India’s capital expenditure for defence procurement is expected to be around $200-250 billion over the next ten years. So the roadmap for indigenising defence production is an exigency. Without it, private sector players could scarcely get board approvals for investments in defence production.
The draft policy seeks investments worth over Rs 77,000 crore by 2025, of which nearly Rs 70,000 crore will be investment for capacity addition in domestic production of defence equipment. Since FDI is a trickle, the envisaged expenditure will have to be funded from the defence budget, expected to be in the range of Rs 11,000 crore a year in the next seven years. “In its report to the Parliament, the Committee on Estimates noted that defence allocation amounting to 1.6 per cent of GDP was the lowest since India and China fought a war in 1962,” points out Amber Dubey.
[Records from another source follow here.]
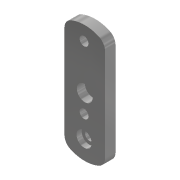
# Autodesk Inventor part: Front-Idlers_Housing-Cover
Saved by Autodesk Inventor 2021 (Build 250183000, 183)
## iProperties
Created: 2021-09-01
Part Number: Front-Idlers_Housing-Cover
Material: Generisch
Document SubType Name: Modeling
Designer: Rama
Density: 1 g/cm^3
Appearance: Glatt - Mittelgrau
Author: Rama
Autodesk Inventor part; units mm, degrees
ref_plane "YZ Plane" through (0, 0, 0) normal (1, 0, 0) x (0, 1, 0)
ref_plane "XZ Plane" through (0, 0, 0) normal (0, 1, 0) x (-1, 0, 0)
ref_plane "XY Plane" through (0, 0, 0) normal (0, 0, 1) x (1, 0, 0)
sketch "Skizze1" plane through (0, 0, 0) normal (0, 0, 1) x (1, 0, 0)
  circle A0 centre (7.5, 13) radius 1.7 projected
  circle A1 centre (7.5, 37) radius 1.7 projected
  arc A2 (15.5, 37.6806) -> (13.0863, 41.3526) centre (11.5, 37.6806) ccw projected
  arc A3 (13.0863, 41.3526) -> (2.4137, 41.3526) centre (7.75, 29) ccw projected
  arc A4 (2.4137, 41.3526) -> (0, 37.6806) centre (4, 37.6806) ccw projected
  line L0 (0, 2.3194) -> (0, 37.6806) projected
  arc A5 (0, 2.3194) -> (2.4137, -1.3526) centre (4, 2.3194) ccw projected
  arc A6 (2.4137, -1.3526) -> (13.0863, -1.3526) centre (7.75, 11) ccw projected
  arc A7 (13.0863, -1.3526) -> (15.5, 2.3194) centre (11.5, 2.3194) ccw projected
  line L1 (15.5, 2.3194) -> (15.5, 37.6806) projected
  point P0 (0, 0)
extrude "Extrusion1" add sketch "Skizze1" along normal blind 5
sketch "Skizze2" plane through (0, 0, 5) normal (0, 0, 1) x (1, 0, 0)
  arc A0 (2.4137, -1.3526) -> (13.0863, -1.3526) centre (7.75, 11) ccw projected
  arc A1 (13.0863, -1.3526) -> (15.5, 2.3194) centre (11.5, 2.3194) ccw projected
  line L0 (15.5, 2.3194) -> (15.5, 37.6806) projected
  arc A2 (15.5, 37.6806) -> (13.0863, 41.3526) centre (11.5, 37.6806) ccw projected
  arc A3 (13.0863, 41.3526) -> (2.4137, 41.3526) centre (7.75, 29) ccw projected
  arc A4 (2.4137, 41.3526) -> (0, 37.6806) centre (4, 37.6806) ccw projected
  line L1 (0, 37.6806) -> (0, 2.3194) projected
  arc A5 (0, 2.3194) -> (2.4137, -1.3526) centre (4, 2.3194) ccw projected
  circle A6 centre (7.5, 37) radius 1.7 projected
  circle A7 centre (7.5, 13) radius 1.7 projected
  line L2 (7.75, 20) -> (7.75, 20)
  line L3 (7.75, 20) -> (7.75, -2.4559)
  line L4 (7.75, -2.4559) -> (7.75, -2.4559)
  line L5 (7.75, -2.4559) -> (7.75, 20)
  point P0 (0, 0)
  point P1 (7.75, -2.4559)
  dimension "d2" = 44.9119
  dimension "d3" = 15.5
  dimension "d4" = 22.456
  dimension "d5" = 0
  constraints: 8 end point, 2 equal length, 1 horizontal, 1 midpoint, 1 perpendicular, 1 point on circle
  measures "d3" distance between parallel lines of L1 L0
  measures "d5" distance between parallel lines of L3 L5
hole "Bohrung1" at (7.75, 20, 5) direction (0, 0, -1) diameter 6.05 depth 3.1
sketch "Skizze4" plane through (0, 0, 5) normal (0, 0, 1) x (1, 0, 0)
  circle A0 centre (7.5, 4.722) radius 1.9913 projected
  point P0 (0, 0)
hole "Bohrung2" at (7.5, 4.722, 5) direction (0, 0, -1) diameter 3.3 end through all counterbore diameter 5.8 counterbore depth 2 clearance for "Inbusschraube DIN EN ISO 4762" size "M3" standard "DIN"
move faces "Verschieben1" translate (0, 0, 1) faces at (13.3835, 17.8023, 0)
sketch "Skizze6" plane through (7.75, 11, 1) normal (0, 0, -1) x (-1, 0, 0)
  circle A0 centre (-5.37, 26.9384) radius 1
  circle A1 centre (5.81, 25.1971) radius 1
  circle A2 centre (5.81, 25.1971) radius 1.2
  circle A3 centre (-5.37, 26.9384) radius 1.2
  circle A4 centre (5.87, 26.9384) radius 1
  circle A5 centre (-5.37, 26.9384) radius 1
  circle A6 centre (5.87, 26.9384) radius 1.2
  arc A7 (4.9199, 26.9621) -> (4.4911, 27.5261) centre (5.45, 27.81) ccw
  circle A8 centre (-5.37, 26.9384) radius 1
  circle A9 centre (5.37, -8.778) radius 1
  circle A10 centre (-5.37, -8.778) radius 1
  circle A11 centre (5.45, 27.81) radius 1.2
  circle A12 centre (-5.37, -8.778) radius 1.2
  circle A13 centre (5.37, -8.778) radius 1.2
  point P0 (7.75, -11)
  dimension "d37" = 2.4
  dimension "d38" = 2.4
  dimension "d44" = 2.4
  dimension "d45" = 2.4
  dimension "d46" = 2.4
  dimension "d47" = 2.4
  constraints: 14 centre point, 6 coincident, 2 point on circle, 18 other
  measures "d37" diameter of A2
  measures "d38" diameter of A3
  measures "d44" diameter of A6
  measures "d45" diameter of A11
  measures "d46" diameter of A12
  measures "d47" diameter of A13
extrude "Extrusion4" cut sketch "Skizze6" against normal blind 3 contours A0 | A11 A6 | A6 A7 A4 A11 | A11 A4 A7 A6 | A4 A11 | A3 | A9 | A10 | A12 | A13
chamfer "Fase1" distance 0.6 angle 45 4 edges at (14.32, 37.9384, 4) (3.5, 38.81, 4) (3.58, 2.222, 4) (14.32, 2.222, 4)
equation "\"d4\" = 0.5 * d2"
equation "\"d37\" = d38"
equation "\"d44\" = d38"
equation "\"d45\" = d38"
equation "\"d46\" = d38"
equation "\"d47\" = d38"

The report of the Comptroller and Auditor General in 2017 mentioned that 55 per cent of the ammunitions of the Indian Armed Forces was below the Minimum Acceptable Risk Level and 40 per cent were at a critical level with a stock of less than ten days. “With operational expenditure taking away 66 per cent of the total defence budget for FY 2018-19, the amount left for new equipment purchases is a mere Rs 94,000 crore ($13.6 billion),” says Dubey. “This pales in comparison to China’s defence budget of over $160 billion, of which a significant portion goes into capital procurement,” he says.
The draft defence policy 2018 does endeavour to remedy the situation, but will it be able to woo investors chary of the policy environment? The drive for Make in India in Defence will remain a distant dream in the absence of a robust ecosystem.